I still wait someone who do the same for lumia 530


----------



## canapo92 (Feb 19, 2018)

if you have big balls, try with it!!! the chipset it's the same!! it's all about your choice


----------



## augustinionut (Feb 19, 2018)

Already tried...no bootable option 

And my chip is Samsung


----------



## canapo92 (Feb 19, 2018)

it's normal don't have bootable option because is a backup and no oobe


----------



## augustinionut (Feb 19, 2018)

My phone work with lumia 830 efiesp.bin.


----------



## canapo92 (Feb 20, 2018)

why don't you try cook yourself your rom?


----------



## augustinionut (Feb 20, 2018)

Coz my device is not capable to pass thru update or hardreset.


----------



## canapo92 (Feb 23, 2018)

augustinionut said:


> Coz my device is not capable to pass thru update or hardreset.

Click to collapse



I don't understand, why?


----------



## augustinionut (Feb 23, 2018)

Coz is halfbricked. I reflashed to wp8.1 with reset protection activated and ffu gdr2 variant don't exist.


----------



## gus33000 (Feb 24, 2018)

augustinionut said:


> Coz is halfbricked. I reflashed to wp8.1 with reset protection activated and ffu gdr2 variant don't exist.

Click to collapse



To boot anything you just have to replace bootarm.efi in EFIESP with a GDR2+ one (GDR2+ includes windows 10 as well).

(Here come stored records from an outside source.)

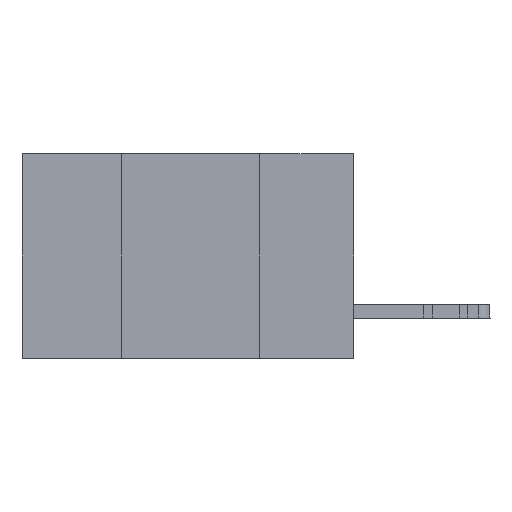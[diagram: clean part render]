
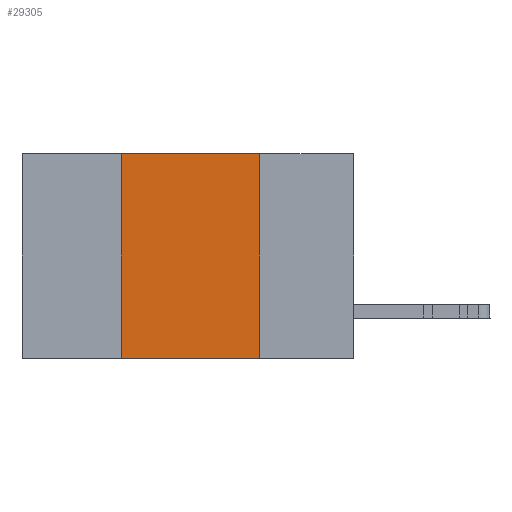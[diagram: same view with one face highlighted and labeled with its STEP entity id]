
A CAD part, left-side view. The second image highlights one B-rep face of the part: STEP entity #29305.
In plain terms, the highlighted planar face has unit normal (-1, 0, 0).
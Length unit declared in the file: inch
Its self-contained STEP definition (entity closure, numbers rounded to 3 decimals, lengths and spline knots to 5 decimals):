
#535 = LINE ( 'NONE', #12280, #28958 ) ;
#2412 = CARTESIAN_POINT ( 'NONE',  ( 0., 0.17, 0. ) ) ;
#4750 = LINE ( 'NONE', #34460, #16161 ) ;
#6011 = ORIENTED_EDGE ( 'NONE', *, *, #22405, .F. ) ;
#6257 = DIRECTION ( 'NONE',  ( 0., 0., -1. ) ) ;
#6851 = VERTEX_POINT ( 'NONE', #12138 ) ;
#7979 = VECTOR ( 'NONE', #41725, 39.37008 ) ;
#10046 = CARTESIAN_POINT ( 'NONE',  ( 0., 0.6, 0. ) ) ;
#11646 = FACE_OUTER_BOUND ( 'NONE', #13892, .T. ) ;
#12138 = CARTESIAN_POINT ( 'NONE',  ( 0., 0.42, 0. ) ) ;
#12280 = CARTESIAN_POINT ( 'NONE',  ( 0., 0.42, 0. ) ) ;
#13892 = EDGE_LOOP ( 'NONE', ( #6011, #39204, #19912, #28399 ) ) ;
#14256 = VERTEX_POINT ( 'NONE', #39982 ) ;
#14699 = DIRECTION ( 'NONE',  ( 0., -1., 0. ) ) ;
#15060 = EDGE_CURVE ( 'NONE', #14256, #16025, #4750, .T. ) ;
#15938 = AXIS2_PLACEMENT_3D ( 'NONE', #34390, #28513, #6257 ) ;
#16025 = VERTEX_POINT ( 'NONE', #28190 ) ;
#16161 = VECTOR ( 'NONE', #14699, 39.37008 ) ;
#16304 = LINE ( 'NONE', #2412, #7979 ) ;
#19912 = ORIENTED_EDGE ( 'NONE', *, *, #32333, .F. ) ;
#20987 = VECTOR ( 'NONE', #35912, 39.37008 ) ;
#21115 = PLANE ( 'NONE',  #15938 ) ;
#22405 = EDGE_CURVE ( 'NONE', #35672, #16025, #16304, .T. ) ;
#28190 = CARTESIAN_POINT ( 'NONE',  ( 0., 0.17, -0.37 ) ) ;
#28399 = ORIENTED_EDGE ( 'NONE', *, *, #15060, .T. ) ;
#28513 = DIRECTION ( 'NONE',  ( 1., 0., 0. ) ) ;
#28958 = VECTOR ( 'NONE', #38679, 39.37008 ) ;
#29305 = ADVANCED_FACE ( 'NONE', ( #11646 ), #21115, .F. ) ;
#32333 = EDGE_CURVE ( 'NONE', #14256, #6851, #535, .T. ) ;
#34390 = CARTESIAN_POINT ( 'NONE',  ( 0., 0.6, 0. ) ) ;
#34460 = CARTESIAN_POINT ( 'NONE',  ( 0., 0.6, -0.37 ) ) ;
#35672 = VERTEX_POINT ( 'NONE', #37883 ) ;
#35912 = DIRECTION ( 'NONE',  ( 0., -1., 0. ) ) ;
#37883 = CARTESIAN_POINT ( 'NONE',  ( 0., 0.17, 0. ) ) ;
#38679 = DIRECTION ( 'NONE',  ( 0., 0., 1. ) ) ;
#39085 = EDGE_CURVE ( 'NONE', #6851, #35672, #42742, .T. ) ;
#39204 = ORIENTED_EDGE ( 'NONE', *, *, #39085, .F. ) ;
#39982 = CARTESIAN_POINT ( 'NONE',  ( 0., 0.42, -0.37 ) ) ;
#41725 = DIRECTION ( 'NONE',  ( 0., 0., -1. ) ) ;
#42742 = LINE ( 'NONE', #10046, #20987 ) ;
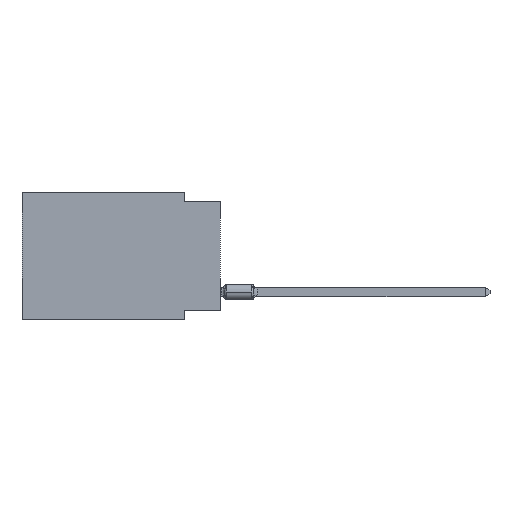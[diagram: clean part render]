
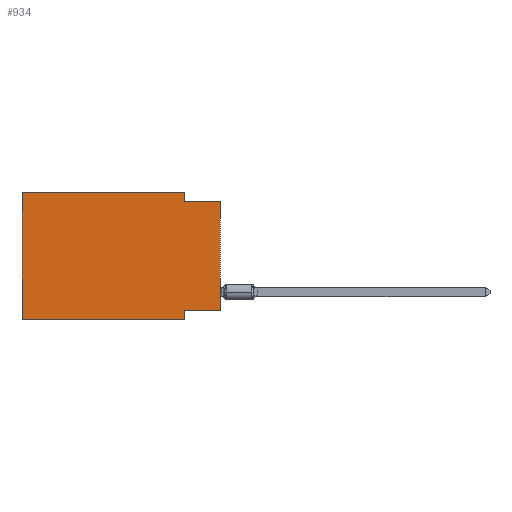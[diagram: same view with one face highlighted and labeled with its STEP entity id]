
A CAD part, left-side view. The second image highlights one B-rep face of the part: STEP entity #934.
In plain terms, the highlighted planar face has unit normal (-1, 0, 0).
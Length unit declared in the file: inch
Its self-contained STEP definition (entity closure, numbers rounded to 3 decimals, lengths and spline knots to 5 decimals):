
#158 = PLANE ( 'NONE',  #2436 ) ;
#693 = DIRECTION ( 'NONE',  ( 0., 0., -1. ) ) ;
#921 = CARTESIAN_POINT ( 'NONE',  ( 0., 0.55, 0. ) ) ;
#934 = ADVANCED_FACE ( 'NONE', ( #4423 ), #158, .F. ) ;
#1132 = CARTESIAN_POINT ( 'NONE',  ( 0., 0., -0.325 ) ) ;
#1831 = CARTESIAN_POINT ( 'NONE',  ( 0., 0., -0.025 ) ) ;
#1881 = ORIENTED_EDGE ( 'NONE', *, *, #20854, .F. ) ;
#2436 = AXIS2_PLACEMENT_3D ( 'NONE', #13093, #5030, #16328 ) ;
#2507 = EDGE_CURVE ( 'NONE', #3728, #15088, #11724, .T. ) ;
#2585 = CARTESIAN_POINT ( 'NONE',  ( 0., 0.55, 0. ) ) ;
#2899 = VECTOR ( 'NONE', #4060, 39.37008 ) ;
#3728 = VERTEX_POINT ( 'NONE', #6568 ) ;
#3778 = CARTESIAN_POINT ( 'NONE',  ( 0., 0.55, -0.35 ) ) ;
#4060 = DIRECTION ( 'NONE',  ( 0., 1., 0. ) ) ;
#4107 = EDGE_CURVE ( 'NONE', #20585, #7342, #9800, .T. ) ;
#4332 = ORIENTED_EDGE ( 'NONE', *, *, #5510, .T. ) ;
#4374 = ORIENTED_EDGE ( 'NONE', *, *, #7804, .F. ) ;
#4423 = FACE_OUTER_BOUND ( 'NONE', #14619, .T. ) ;
#5030 = DIRECTION ( 'NONE',  ( 1., 0., 0. ) ) ;
#5074 = VERTEX_POINT ( 'NONE', #12226 ) ;
#5424 = DIRECTION ( 'NONE',  ( 0., -1., 0. ) ) ;
#5510 = EDGE_CURVE ( 'NONE', #12795, #18114, #17789, .T. ) ;
#5519 = VECTOR ( 'NONE', #14057, 39.37008 ) ;
#5618 = EDGE_CURVE ( 'NONE', #20585, #15459, #15315, .T. ) ;
#5799 = DIRECTION ( 'NONE',  ( 0., 0., 1. ) ) ;
#6568 = CARTESIAN_POINT ( 'NONE',  ( 0., 0.55, 0. ) ) ;
#6601 = LINE ( 'NONE', #17481, #10927 ) ;
#6735 = VECTOR ( 'NONE', #693, 39.37008 ) ;
#6736 = CARTESIAN_POINT ( 'NONE',  ( 0., 0., -0.025 ) ) ;
#7342 = VERTEX_POINT ( 'NONE', #6736 ) ;
#7804 = EDGE_CURVE ( 'NONE', #15459, #18114, #6601, .T. ) ;
#7840 = DIRECTION ( 'NONE',  ( 0., 0., -1. ) ) ;
#8243 = CARTESIAN_POINT ( 'NONE',  ( 0., 0.55, -0.35 ) ) ;
#9050 = CARTESIAN_POINT ( 'NONE',  ( 0., 0.1, -0.325 ) ) ;
#9325 = LINE ( 'NONE', #1831, #15423 ) ;
#9384 = LINE ( 'NONE', #921, #15479 ) ;
#9671 = EDGE_CURVE ( 'NONE', #15088, #5074, #19073, .T. ) ;
#9800 = LINE ( 'NONE', #10747, #5519 ) ;
#9908 = ORIENTED_EDGE ( 'NONE', *, *, #5618, .F. ) ;
#10747 = CARTESIAN_POINT ( 'NONE',  ( 0., 0., 0. ) ) ;
#10927 = VECTOR ( 'NONE', #7840, 39.37008 ) ;
#11724 = LINE ( 'NONE', #2585, #15496 ) ;
#12226 = CARTESIAN_POINT ( 'NONE',  ( 0., 0.1, -0.025 ) ) ;
#12795 = VERTEX_POINT ( 'NONE', #8243 ) ;
#13038 = VECTOR ( 'NONE', #5424, 39.37008 ) ;
#13093 = CARTESIAN_POINT ( 'NONE',  ( 0., 0.55, 0. ) ) ;
#13292 = CARTESIAN_POINT ( 'NONE',  ( 0., 0.1, -0.35 ) ) ;
#14057 = DIRECTION ( 'NONE',  ( 0., 0., 1. ) ) ;
#14418 = ORIENTED_EDGE ( 'NONE', *, *, #2507, .F. ) ;
#14619 = EDGE_LOOP ( 'NONE', ( #20379, #1881, #16685, #14418, #20627, #4332, #4374, #9908 ) ) ;
#15088 = VERTEX_POINT ( 'NONE', #19292 ) ;
#15315 = LINE ( 'NONE', #18581, #2899 ) ;
#15423 = VECTOR ( 'NONE', #19505, 39.37008 ) ;
#15459 = VERTEX_POINT ( 'NONE', #9050 ) ;
#15479 = VECTOR ( 'NONE', #5799, 39.37008 ) ;
#15496 = VECTOR ( 'NONE', #15592, 39.37008 ) ;
#15592 = DIRECTION ( 'NONE',  ( 0., -1., 0. ) ) ;
#16328 = DIRECTION ( 'NONE',  ( 0., 0., -1. ) ) ;
#16685 = ORIENTED_EDGE ( 'NONE', *, *, #9671, .F. ) ;
#16850 = CARTESIAN_POINT ( 'NONE',  ( 0., 0.1, 0. ) ) ;
#17481 = CARTESIAN_POINT ( 'NONE',  ( 0., 0.1, -0.35 ) ) ;
#17789 = LINE ( 'NONE', #3778, #13038 ) ;
#18114 = VERTEX_POINT ( 'NONE', #13292 ) ;
#18581 = CARTESIAN_POINT ( 'NONE',  ( 0., 0., -0.325 ) ) ;
#18858 = EDGE_CURVE ( 'NONE', #12795, #3728, #9384, .T. ) ;
#19073 = LINE ( 'NONE', #16850, #6735 ) ;
#19292 = CARTESIAN_POINT ( 'NONE',  ( 0., 0.1, 0. ) ) ;
#19505 = DIRECTION ( 'NONE',  ( 0., -1., 0. ) ) ;
#20379 = ORIENTED_EDGE ( 'NONE', *, *, #4107, .T. ) ;
#20585 = VERTEX_POINT ( 'NONE', #1132 ) ;
#20627 = ORIENTED_EDGE ( 'NONE', *, *, #18858, .F. ) ;
#20854 = EDGE_CURVE ( 'NONE', #5074, #7342, #9325, .T. ) ;
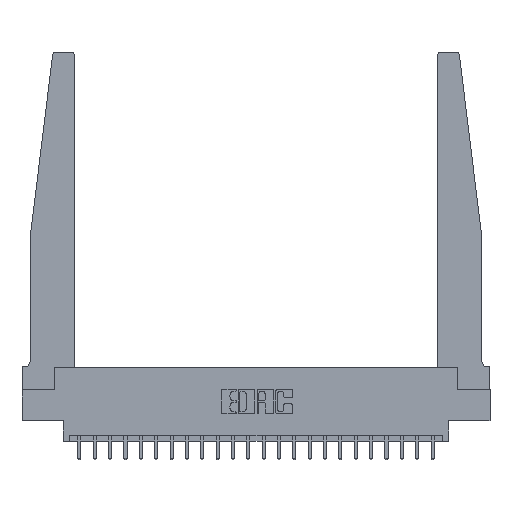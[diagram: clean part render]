
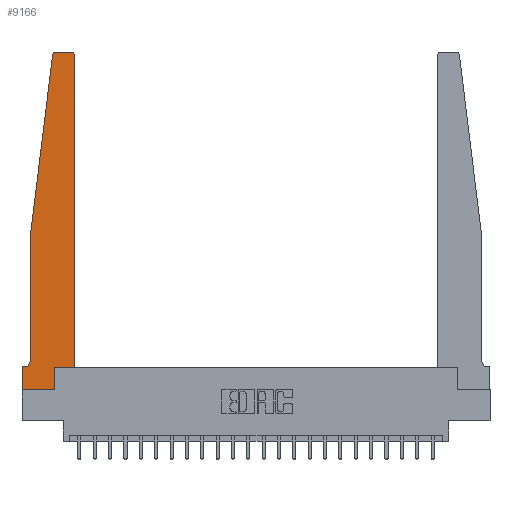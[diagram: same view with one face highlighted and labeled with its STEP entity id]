
A CAD part, top view. The second image highlights one B-rep face of the part: STEP entity #9166.
In plain terms, the highlighted planar face has unit normal (0, 0, 1).
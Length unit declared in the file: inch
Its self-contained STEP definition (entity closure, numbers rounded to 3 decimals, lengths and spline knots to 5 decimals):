
#42 = EDGE_CURVE ( 'NONE', #16303, #13292, #3177, .T. ) ;
#59 = EDGE_CURVE ( 'NONE', #9374, #17559, #10002, .T. ) ;
#94 = DIRECTION ( 'NONE',  ( 0., 0., 1. ) ) ;
#343 = CARTESIAN_POINT ( 'NONE',  ( 0.425, 0.18, 0.37 ) ) ;
#510 = CIRCLE ( 'NONE', #16779, 0.03 ) ;
#531 = DIRECTION ( 'NONE',  ( 0., 0., -1. ) ) ;
#542 = CARTESIAN_POINT ( 'NONE',  ( 0.2605, 0.18, 0.37 ) ) ;
#745 = CARTESIAN_POINT ( 'NONE',  ( 0.065, 1.25, 0.37 ) ) ;
#797 = CARTESIAN_POINT ( 'NONE',  ( 0., 0., 0.37 ) ) ;
#913 = DIRECTION ( 'NONE',  ( 1., 0., 0. ) ) ;
#1138 = EDGE_CURVE ( 'NONE', #9663, #7292, #16742, .T. ) ;
#1300 = VERTEX_POINT ( 'NONE', #13295 ) ;
#1523 = ORIENTED_EDGE ( 'NONE', *, *, #20621, .T. ) ;
#2236 = CARTESIAN_POINT ( 'NONE',  ( 0.395, 2.72, 0.37 ) ) ;
#2350 = DIRECTION ( 'NONE',  ( 1., 0., 0. ) ) ;
#2614 = EDGE_CURVE ( 'NONE', #1300, #9663, #22570, .T. ) ;
#2690 = LINE ( 'NONE', #16913, #3715 ) ;
#3043 = EDGE_CURVE ( 'NONE', #10207, #9374, #13273, .T. ) ;
#3177 = LINE ( 'NONE', #6404, #16817 ) ;
#3211 = LINE ( 'NONE', #10452, #22342 ) ;
#3365 = VECTOR ( 'NONE', #3955, 39.37008 ) ;
#3715 = VECTOR ( 'NONE', #22377, 39.37008 ) ;
#3955 = DIRECTION ( 'NONE',  ( -0.122, -0.992, 0. ) ) ;
#4308 = CARTESIAN_POINT ( 'NONE',  ( 0.425, 0.18, 0.37 ) ) ;
#4616 = ORIENTED_EDGE ( 'NONE', *, *, #22939, .T. ) ;
#4618 = CARTESIAN_POINT ( 'NONE',  ( 0.25, 2.75, 0.37 ) ) ;
#4645 = CARTESIAN_POINT ( 'NONE',  ( 0.065, 0.1875, 0.37 ) ) ;
#4887 = CARTESIAN_POINT ( 'NONE',  ( 0.2605, 0., 0.37 ) ) ;
#5437 = EDGE_CURVE ( 'NONE', #7165, #10207, #510, .T. ) ;
#5446 = ORIENTED_EDGE ( 'NONE', *, *, #19371, .T. ) ;
#5831 = DIRECTION ( 'NONE',  ( 0., -1., 0. ) ) ;
#5854 = CARTESIAN_POINT ( 'NONE',  ( 0., 0., 0.37 ) ) ;
#6404 = CARTESIAN_POINT ( 'NONE',  ( 0.2605, 0.18, 0.37 ) ) ;
#6703 = DIRECTION ( 'NONE',  ( 0., 0., 1. ) ) ;
#7165 = VERTEX_POINT ( 'NONE', #15729 ) ;
#7292 = VERTEX_POINT ( 'NONE', #5854 ) ;
#7786 = DIRECTION ( 'NONE',  ( -1., 0., 0. ) ) ;
#7844 = CARTESIAN_POINT ( 'NONE',  ( 0., 0.1875, 0.37 ) ) ;
#8483 = PLANE ( 'NONE',  #17253 ) ;
#8528 = DIRECTION ( 'NONE',  ( 0., 0., 1. ) ) ;
#8606 = FACE_OUTER_BOUND ( 'NONE', #14754, .T. ) ;
#8945 = ORIENTED_EDGE ( 'NONE', *, *, #59, .T. ) ;
#9166 = ADVANCED_FACE ( 'NONE', ( #8606 ), #8483, .T. ) ;
#9374 = VERTEX_POINT ( 'NONE', #10346 ) ;
#9475 = DIRECTION ( 'NONE',  ( 1., 0., 0. ) ) ;
#9663 = VERTEX_POINT ( 'NONE', #7844 ) ;
#10002 = CIRCLE ( 'NONE', #23264, 0.03 ) ;
#10006 = EDGE_CURVE ( 'NONE', #17654, #1300, #10478, .T. ) ;
#10207 = VERTEX_POINT ( 'NONE', #14282 ) ;
#10346 = CARTESIAN_POINT ( 'NONE',  ( 0.27653, 2.75, 0.37 ) ) ;
#10452 = CARTESIAN_POINT ( 'NONE',  ( 0.065, 1.25, 0.37 ) ) ;
#10478 = CIRCLE ( 'NONE', #15388, 0.05 ) ;
#10550 = ORIENTED_EDGE ( 'NONE', *, *, #20042, .T. ) ;
#10710 = VECTOR ( 'NONE', #20900, 39.37008 ) ;
#11379 = ORIENTED_EDGE ( 'NONE', *, *, #42, .T. ) ;
#11971 = DIRECTION ( 'NONE',  ( 0., 1., 0. ) ) ;
#12093 = CARTESIAN_POINT ( 'NONE',  ( 0.27653, 2.72, 0.37 ) ) ;
#12244 = ORIENTED_EDGE ( 'NONE', *, *, #13827, .T. ) ;
#13273 = LINE ( 'NONE', #4618, #15254 ) ;
#13292 = VERTEX_POINT ( 'NONE', #542 ) ;
#13295 = CARTESIAN_POINT ( 'NONE',  ( 0.015, 0.1875, 0.37 ) ) ;
#13554 = ORIENTED_EDGE ( 'NONE', *, *, #2614, .T. ) ;
#13827 = EDGE_CURVE ( 'NONE', #18793, #17654, #3211, .T. ) ;
#14015 = CARTESIAN_POINT ( 'NONE',  ( 0.065, 0.2375, 0.37 ) ) ;
#14282 = CARTESIAN_POINT ( 'NONE',  ( 0.395, 2.75, 0.37 ) ) ;
#14754 = EDGE_LOOP ( 'NONE', ( #21567, #8945, #1523, #12244, #21209, #13554, #21277, #4616, #11379, #5446, #10550, #23290 ) ) ;
#14858 = CARTESIAN_POINT ( 'NONE',  ( 0.065, 1.25, 0.37 ) ) ;
#14978 = LINE ( 'NONE', #14858, #3365 ) ;
#15254 = VECTOR ( 'NONE', #17071, 39.37008 ) ;
#15388 = AXIS2_PLACEMENT_3D ( 'NONE', #16781, #531, #7786 ) ;
#15401 = LINE ( 'NONE', #797, #19487 ) ;
#15729 = CARTESIAN_POINT ( 'NONE',  ( 0.425, 2.72, 0.37 ) ) ;
#16203 = VECTOR ( 'NONE', #2350, 39.37008 ) ;
#16303 = VERTEX_POINT ( 'NONE', #4887 ) ;
#16742 = LINE ( 'NONE', #22091, #20811 ) ;
#16779 = AXIS2_PLACEMENT_3D ( 'NONE', #2236, #94, #9475 ) ;
#16781 = CARTESIAN_POINT ( 'NONE',  ( 0.015, 0.2375, 0.37 ) ) ;
#16817 = VECTOR ( 'NONE', #11971, 39.37008 ) ;
#16913 = CARTESIAN_POINT ( 'NONE',  ( 0.425, 0.18, 0.37 ) ) ;
#17071 = DIRECTION ( 'NONE',  ( -1., 0., 0. ) ) ;
#17253 = AXIS2_PLACEMENT_3D ( 'NONE', #17597, #6703, #21640 ) ;
#17414 = VERTEX_POINT ( 'NONE', #4308 ) ;
#17559 = VERTEX_POINT ( 'NONE', #22812 ) ;
#17597 = CARTESIAN_POINT ( 'NONE',  ( 0., 0.1875, 0.37 ) ) ;
#17654 = VERTEX_POINT ( 'NONE', #14015 ) ;
#17676 = DIRECTION ( 'NONE',  ( 0., -1., 0. ) ) ;
#18793 = VERTEX_POINT ( 'NONE', #745 ) ;
#19371 = EDGE_CURVE ( 'NONE', #13292, #17414, #22162, .T. ) ;
#19487 = VECTOR ( 'NONE', #913, 39.37008 ) ;
#20042 = EDGE_CURVE ( 'NONE', #17414, #7165, #2690, .T. ) ;
#20621 = EDGE_CURVE ( 'NONE', #17559, #18793, #14978, .T. ) ;
#20811 = VECTOR ( 'NONE', #5831, 39.37008 ) ;
#20863 = DIRECTION ( 'NONE',  ( 1., 0., 0. ) ) ;
#20900 = DIRECTION ( 'NONE',  ( -1., 0., 0. ) ) ;
#21209 = ORIENTED_EDGE ( 'NONE', *, *, #10006, .T. ) ;
#21277 = ORIENTED_EDGE ( 'NONE', *, *, #1138, .T. ) ;
#21567 = ORIENTED_EDGE ( 'NONE', *, *, #3043, .T. ) ;
#21640 = DIRECTION ( 'NONE',  ( 1., 0., 0. ) ) ;
#22091 = CARTESIAN_POINT ( 'NONE',  ( 0., 0., 0.37 ) ) ;
#22162 = LINE ( 'NONE', #343, #16203 ) ;
#22342 = VECTOR ( 'NONE', #17676, 39.37008 ) ;
#22377 = DIRECTION ( 'NONE',  ( 0., 1., 0. ) ) ;
#22570 = LINE ( 'NONE', #4645, #10710 ) ;
#22812 = CARTESIAN_POINT ( 'NONE',  ( 0.24675, 2.72367, 0.37 ) ) ;
#22939 = EDGE_CURVE ( 'NONE', #7292, #16303, #15401, .T. ) ;
#23264 = AXIS2_PLACEMENT_3D ( 'NONE', #12093, #8528, #20863 ) ;
#23290 = ORIENTED_EDGE ( 'NONE', *, *, #5437, .T. ) ;

The one in this custom rom efiesp is probably still 8.1. This will solve the boot device not found problem.


----------



## augustinionut (Feb 24, 2018)

gus33000 said:


> To boot anything you just have to replace bootarm.efi in EFIESP with a GDR2+ one (GDR2+ includes windows 10 as well). .

Click to collapse



GDR2 of the same phone?
I replaced bootarm.efi with lumia640xl one, my 530 booted  to sad face .


----------



## fadilfadz (Apr 10, 2018)

Direct download link?


----------



## maruf8 (Aug 7, 2018)

is this necessery to use that ffu? i mean can't i use ffu of my own variant?


----------



## djoyop (Jan 20, 2019)

*how to unlock bootloader for lumia 532 ds ... more detail please ... my lumia is alwa*



canapo92 said:


> no!! i'ts a flashable file, came from a full backup, my friend

Click to collapse



how to unlock bootloader for lumia 532 ds ... more detail please ... my lumia is always restart and restart ... please help me ...


----------